As a headhunting killing one calls a person to whose skull to capture the trophy. Today there are only very few indigenous peoples who hunt the head in order to magically harness the energy potential assumed in the skull. Headhunting is associated with cannibalism only in a few cases and is particularly widespread in Southeast Asia , Melanesia and the northwestern lowlands of South America.

history

Head trophies, mostly shrunken heads, in a curio shop in Seattle

Headhunting is one of the oldest rituals and was widespread all over the world. Stories of drinking from skulls have also been passed on in Europe . Headhunting was an established tradition in the Celtic warrior culture during the Iron Age . At that time, head trophies were a common part of the bridle of Celtic riders. In China and Japan , heads were collected as war trophies. Headhunting was still practiced among some peoples in Southeast Asia , West Africa , South America , Melanesia and Taiwan until the 20th century .

The Dayak on Borneo are among the most famous peoples in Southeast Asia . Headhunting among the formerly so-called Alfurs on the Moluccas is more of a speculative attribution, on the other hand headhunting was widespread in New Guinea until the middle of the 20th century and was practiced particularly aggressively among the Marind-anim , Sawi , Asmat and the Iatmul . A slit drum ( garamut ) was often used in rituals involving skull cults and headhunting . In a ceremony observed among the Asmat in 1952, the beheading of two women was performed.
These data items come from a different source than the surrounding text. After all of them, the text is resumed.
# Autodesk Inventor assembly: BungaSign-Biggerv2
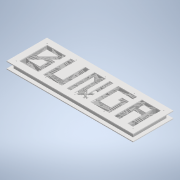
[picture p0: Inventor's stored thumbnail of the model, 180x180]
Saved by Autodesk Inventor 2022 (Build 260153000, 153)
## iProperties
Created: 2022-08-17
Part Number: BungaSign-Biggerv2
Document SubType Name: Assembly
Designer: incep
Author: incep
## Documents named in this file (10)
- C:\Users\incep\OneDrive\Desktop\Laser Cutter Things\BungaSign-Biggerv2.iam
- C:\Users\incep\OneDrive\Desktop\Laser Cutter Things\BungaSign-Bigger.ipt
- C:\Users\incep\OneDrive\Desktop\Laser Cutter Things\BungaSign-Bigger-Layer1v2.ipt
- C:\Users\incep\OneDrive\Desktop\Laser Cutter Things\BungaSign-Bigger-Layer2v2.ipt
- C:\Users\incep\OneDrive\Desktop\Laser Cutter Things\BungaSign-Bigger-Layer3v2.ipt
- C:\Users\incep\OneDrive\Desktop\Laser Cutter Things\BungaSign-Bigger-Layer4v2.ipt
- C:\Users\incep\OneDrive\Desktop\Laser Cutter Things\BungaSign-Bigger-Layer5v2.ipt
- C:\Users\incep\OneDrive\Desktop\Laser Cutter Things\BungaSign-Bigger-Layer6v2.ipt
- C:\Users\incep\OneDrive\Desktop\Laser Cutter Things\BungaSign-Bigger-Layer7v2.ipt
- C:\Users\incep\OneDrive\Desktop\Laser Cutter Things\BungaSign-Bigger-Back.ipt
## Components (9 placed, 9 different names)
1. BungaSign-Bigger:1 — Flush:1, Mate:1, Mate:2, Mate:3, Mate:6, Mate:8, Mate:9, Mate:12, Mate:15, Mate:17, Mate:18, Mate:20, Mate:21, Mate:23, Mate:24
2. BungaSign-Bigger-Layer1v2:1 — Mate:1, Mate:2, Mate:3, Mate:4, Mate:5
3. BungaSign-Bigger-Layer2v2:1 — Mate:4, Mate:5, Mate:6, Mate:7
4. BungaSign-Bigger-Layer3v2:1 — Mate:7, Mate:8, Mate:9, Mate:10, Mate:11
5. BungaSign-Bigger-Layer4v2:1 — Mate:10, Mate:11, Mate:12, Mate:13, Mate:14
6. BungaSign-Bigger-Layer5v2:1 — Mate:13, Mate:14, Mate:15, Mate:16
7. BungaSign-Bigger-Layer6v2:1 — Mate:16, Mate:17, Mate:18, Mate:19
8. BungaSign-Bigger-Layer7v2:1 — Mate:19, Mate:20, Mate:21, Mate:22
9. BungaSign-Bigger-Back:1 — Mate:22, Mate:23, Mate:24
## Relationships (25: Mate 24, Flush 1)
- Flush:1: BungaSign-Bigger:1
- Mate:1: BungaSign-Bigger:1 ↔ BungaSign-Bigger-Layer1v2:1
- Mate:2: BungaSign-Bigger:1 ↔ BungaSign-Bigger-Layer1v2:1
- Mate:3: BungaSign-Bigger:1 ↔ BungaSign-Bigger-Layer1v2:1
- Mate:4: BungaSign-Bigger-Layer1v2:1 ↔ BungaSign-Bigger-Layer2v2:1
- Mate:5: BungaSign-Bigger-Layer1v2:1 ↔ BungaSign-Bigger-Layer2v2:1
- Mate:6: BungaSign-Bigger:1 ↔ BungaSign-Bigger-Layer2v2:1
- Mate:7: BungaSign-Bigger-Layer2v2:1 ↔ BungaSign-Bigger-Layer3v2:1
- Mate:8: BungaSign-Bigger:1 ↔ BungaSign-Bigger-Layer3v2:1
- Mate:9: BungaSign-Bigger:1 ↔ BungaSign-Bigger-Layer3v2:1
- Mate:10: BungaSign-Bigger-Layer3v2:1 ↔ BungaSign-Bigger-Layer4v2:1
- Mate:11: BungaSign-Bigger-Layer3v2:1 ↔ BungaSign-Bigger-Layer4v2:1
- Mate:12: BungaSign-Bigger:1 ↔ BungaSign-Bigger-Layer4v2:1
- Mate:13: BungaSign-Bigger-Layer4v2:1 ↔ BungaSign-Bigger-Layer5v2:1
- Mate:14: BungaSign-Bigger-Layer4v2:1 ↔ BungaSign-Bigger-Layer5v2:1
- Mate:15: BungaSign-Bigger:1 ↔ BungaSign-Bigger-Layer5v2:1
- Mate:16: BungaSign-Bigger-Layer5v2:1 ↔ BungaSign-Bigger-Layer6v2:1
- Mate:17: BungaSign-Bigger:1 ↔ BungaSign-Bigger-Layer6v2:1
- Mate:18: BungaSign-Bigger:1 ↔ BungaSign-Bigger-Layer6v2:1
- Mate:19: BungaSign-Bigger-Layer6v2:1 ↔ BungaSign-Bigger-Layer7v2:1
- Mate:20: BungaSign-Bigger:1 ↔ BungaSign-Bigger-Layer7v2:1
- Mate:21: BungaSign-Bigger:1 ↔ BungaSign-Bigger-Layer7v2:1
- Mate:22: BungaSign-Bigger-Layer7v2:1 ↔ BungaSign-Bigger-Back:1
- Mate:23: BungaSign-Bigger:1 ↔ BungaSign-Bigger-Back:1
- Mate:24: BungaSign-Bigger:1 ↔ BungaSign-Bigger-Back:1
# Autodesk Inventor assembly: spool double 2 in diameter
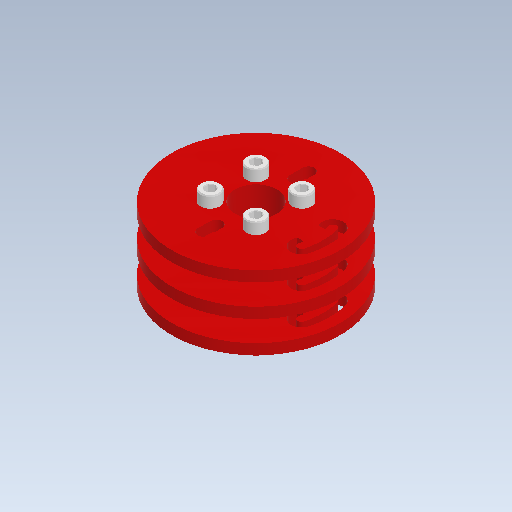
[picture p0: Inventor's stored thumbnail of the model, 512x512]
Saved by Autodesk Inventor 2020 (Build 240168000, 168)
## iProperties
Created: 2019-12-26
Part Number: spool double 2 in diameter
Document SubType Name: Assembly
Designer: ball
Author: ball
## Documents named in this file (5)
- D:\FTC8863\2019 Robot\Delivery\spool double 2 in diameter.iam
- D:\FTC8863\Actobotics\615 parts\615468 inner plate.ipt
- D:\FTC8863\Actobotics\615 parts\615468 outer plate 2_0 diameter.ipt
- D:\FTC8863\2019 Robot\Generic Parts\Clamping hub 6mm round shortened clamp.iam
- D:\FTC8863\StepLibraries\Screws\6-32 x 1.250 SOCKET HEAD CAP SCREW.ipt
## Components (12 placed, 4 different names)
1. 615468 inner plate:1 — Mate:1, Mate:2, Mate:3, Mate:4, Mate:5, Mate:6, Mate:10, Mate:11, Mate:12
2. 615468 inner plate:2 — Mate:3, Mate:4, Mate:5, Mate:6, Mate:7, Mate:8, Mate:9
3. 615468 outer plate 2_0 diameter:1 — Mate:7, Mate:8, Mate:9, Mate:26, Mate:28, Mate:30, Mate:32
4. 615468 outer plate 2_0 diameter:2 — Mate:10, Mate:11, Mate:12, Mate:20, Mate:21, Mate:22
5. 615468 inner plate:3
6. 615468 inner plate:4 — Mate:20, Mate:21, Mate:22
7. 615468 outer plate 2_0 diameter:3 — Mate:23, Mate:24, Mate:25
8. Clamping hub 6mm round shortened clamp:1 [sub-assembly] — Mate:23, Mate:24, Mate:25, Mate:27, Mate:29, Mate:31, Mate:33
9. 6-32 x 1.250 SOCKET HEAD CAP SCREW:1 — Mate:26, Mate:27
10. 6-32 x 1.250 SOCKET HEAD CAP SCREW:2 — Mate:30, Mate:31
11. 6-32 x 1.250 SOCKET HEAD CAP SCREW:3 — Mate:28, Mate:29
12. 6-32 x 1.250 SOCKET HEAD CAP SCREW:4 — Mate:32, Mate:33
## Relationships (33: Mate 33)
- Mate:1: 615468 inner plate:1
- Mate:2: 615468 inner plate:1
- Mate:3: 615468 inner plate:1 ↔ 615468 inner plate:2
- Mate:4: 615468 inner plate:1 ↔ 615468 inner plate:2
- Mate:5: 615468 inner plate:1 ↔ 615468 inner plate:2
- Mate:6: 615468 inner plate:1 ↔ 615468 inner plate:2
- Mate:7: 615468 inner plate:2 ↔ 615468 outer plate 2_0 diameter:1
- Mate:8: 615468 inner plate:2 ↔ 615468 outer plate 2_0 diameter:1
- Mate:9: 615468 inner plate:2 ↔ 615468 outer plate 2_0 diameter:1
- Mate:10: 615468 inner plate:1 ↔ 615468 outer plate 2_0 diameter:2
- Mate:11: 615468 inner plate:1 ↔ 615468 outer plate 2_0 diameter:2
- Mate:12: 615468 inner plate:1 ↔ 615468 outer plate 2_0 diameter:2
- [Mate]: 615468 inner plate:3 ↔ 615468 inner plate:4
- [Mate]: 615468 inner plate:3 ↔ 615468 inner plate:4
- [Mate]: 615468 inner plate:3 ↔ 615468 inner plate:4
- [Mate]: 615468 inner plate:3 ↔ 615468 inner plate:4
- [Mate]: 615468 inner plate:3 ↔ 615468 outer plate 2_0 diameter:3
- [Mate]: 615468 inner plate:3 ↔ 615468 outer plate 2_0 diameter:3
- [Mate]: 615468 inner plate:3 ↔ 615468 outer plate 2_0 diameter:3
- Mate:20: 615468 outer plate 2_0 diameter:2 ↔ 615468 inner plate:4
- Mate:21: 615468 outer plate 2_0 diameter:2 ↔ 615468 inner plate:4
- Mate:22: 615468 outer plate 2_0 diameter:2 ↔ 615468 inner plate:4
- Mate:23: 615468 outer plate 2_0 diameter:3 ↔ Clamping hub 6mm round shortened clamp:1
- Mate:24: 615468 outer plate 2_0 diameter:3 ↔ Clamping hub 6mm round shortened clamp:1
- Mate:25: 615468 outer plate 2_0 diameter:3 ↔ Clamping hub 6mm round shortened clamp:1
- Mate:26: 615468 outer plate 2_0 diameter:1 ↔ 6-32 x 1.250 SOCKET HEAD CAP SCREW:1
- Mate:27: Clamping hub 6mm round shortened clamp:1 ↔ 6-32 x 1.250 SOCKET HEAD CAP SCREW:1
- Mate:28: 615468 outer plate 2_0 diameter:1 ↔ 6-32 x 1.250 SOCKET HEAD CAP SCREW:3
- Mate:29: Clamping hub 6mm round shortened clamp:1 ↔ 6-32 x 1.250 SOCKET HEAD CAP SCREW:3
- Mate:30: 615468 outer plate 2_0 diameter:1 ↔ 6-32 x 1.250 SOCKET HEAD CAP SCREW:2
- Mate:31: Clamping hub 6mm round shortened clamp:1 ↔ 6-32 x 1.250 SOCKET HEAD CAP SCREW:2
- Mate:32: 615468 outer plate 2_0 diameter:1 ↔ 6-32 x 1.250 SOCKET HEAD CAP SCREW:4
- Mate:33: Clamping hub 6mm round shortened clamp:1 ↔ 6-32 x 1.250 SOCKET HEAD CAP SCREW:4
## Named parameters: d32_d30 = 0 mm, d33_d31 = 0 mm, d34_d22 = 0 mm, d35_d23 = 0 mm, d36_d24 = 0 mm, d37_d25 = 0 mm, d38_d29 = 0 mm
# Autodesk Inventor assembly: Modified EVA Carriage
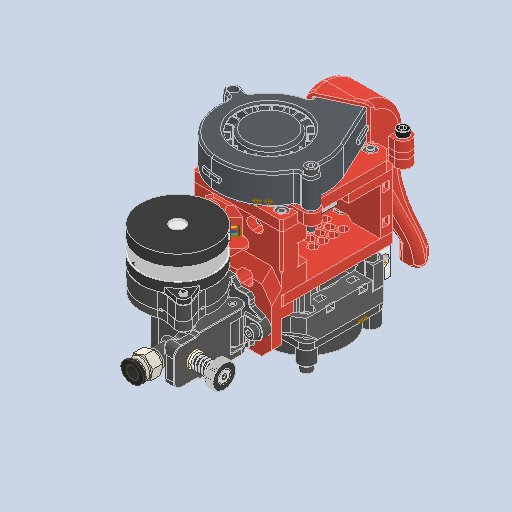
[picture p0: Inventor's stored thumbnail of the model, 512x512]
Saved by Autodesk Inventor 2022 (Build 260153000, 153)
## iProperties
Created: 2021-10-06
Part Number: Modified EVA Carriage
Document SubType Name: Assembly
Designer: Administrator
Title: Modified EVA Carriage v27
Author: Administrator
## Documents named in this file (5)
- Y:\Projects\Bibble0\Modified EVA Carriage\Modified EVA Carriage.iam
- Y:\Projects\Bibble0\Modified EVA Carriage\[Assembly] Orbiter _1_.iam
- Y:\Projects\Bibble0\Modified EVA Carriage\Belt Tensioner.ipt
- Y:\Projects\Bibble0\Modified EVA Carriage\[Face] Dragon v4.iam
- Y:\Projects\Bibble0\Modified EVA Carriage\BL-Touch _1_.iam
## Components (4 placed, 4 different names)
1. [Assembly] Orbiter <1>:1 [sub-assembly] — Insert:2, Mate:1, Flush:1, Mate:2
2. Component94:1 — Mate:1, Flush:1, Mate:2
3. [Face] Dragon v4:1 [sub-assembly] — Insert:1, Insert:2
4. BL Touch v3:1 [sub-assembly] — Insert:1
## Relationships (5: Insert 2, Mate 2, Flush 1)
- Insert:1: [Face] Dragon v4:1 ↔ BL Touch v3:1
- Insert:2: [Assembly] Orbiter <1>:1 ↔ [Face] Dragon v4:1
- Mate:1: [Assembly] Orbiter <1>:1 ↔ Component94:1
- Flush:1: [Assembly] Orbiter <1>:1 ↔ Component94:1
- Mate:2: [Assembly] Orbiter <1>:1 ↔ Component94:1

In the central mountains on the northern Philippine island of Luzon , several peoples were headhunters, among them the Igorot and Ifugao . On returning from a successful headhunt, an ensemble with several ceremonial flat gongs played gangsa for the men .

The Naga (India), Garo (India / Bangladesh), Ekoi (West Africa) and Shuar (South America) also hunted heads .

South American headhunters often shrunk their trophies into shrunken heads . A special form of headhunting is scalping (North America, Europe).

Sense and meaning

Headhunting was used to deter and demoralize the enemy or to increase the social reputation of the person who killed.

In some cultures it was believed that the life force of the victim suspected in the head should pass to the headhunter. The American anthropologist Weston La Barre suggested that Stone Age headhunters were primarily concerned with the brain as a supposed store of pent-up sperm , the primitive epitome of life-marrow.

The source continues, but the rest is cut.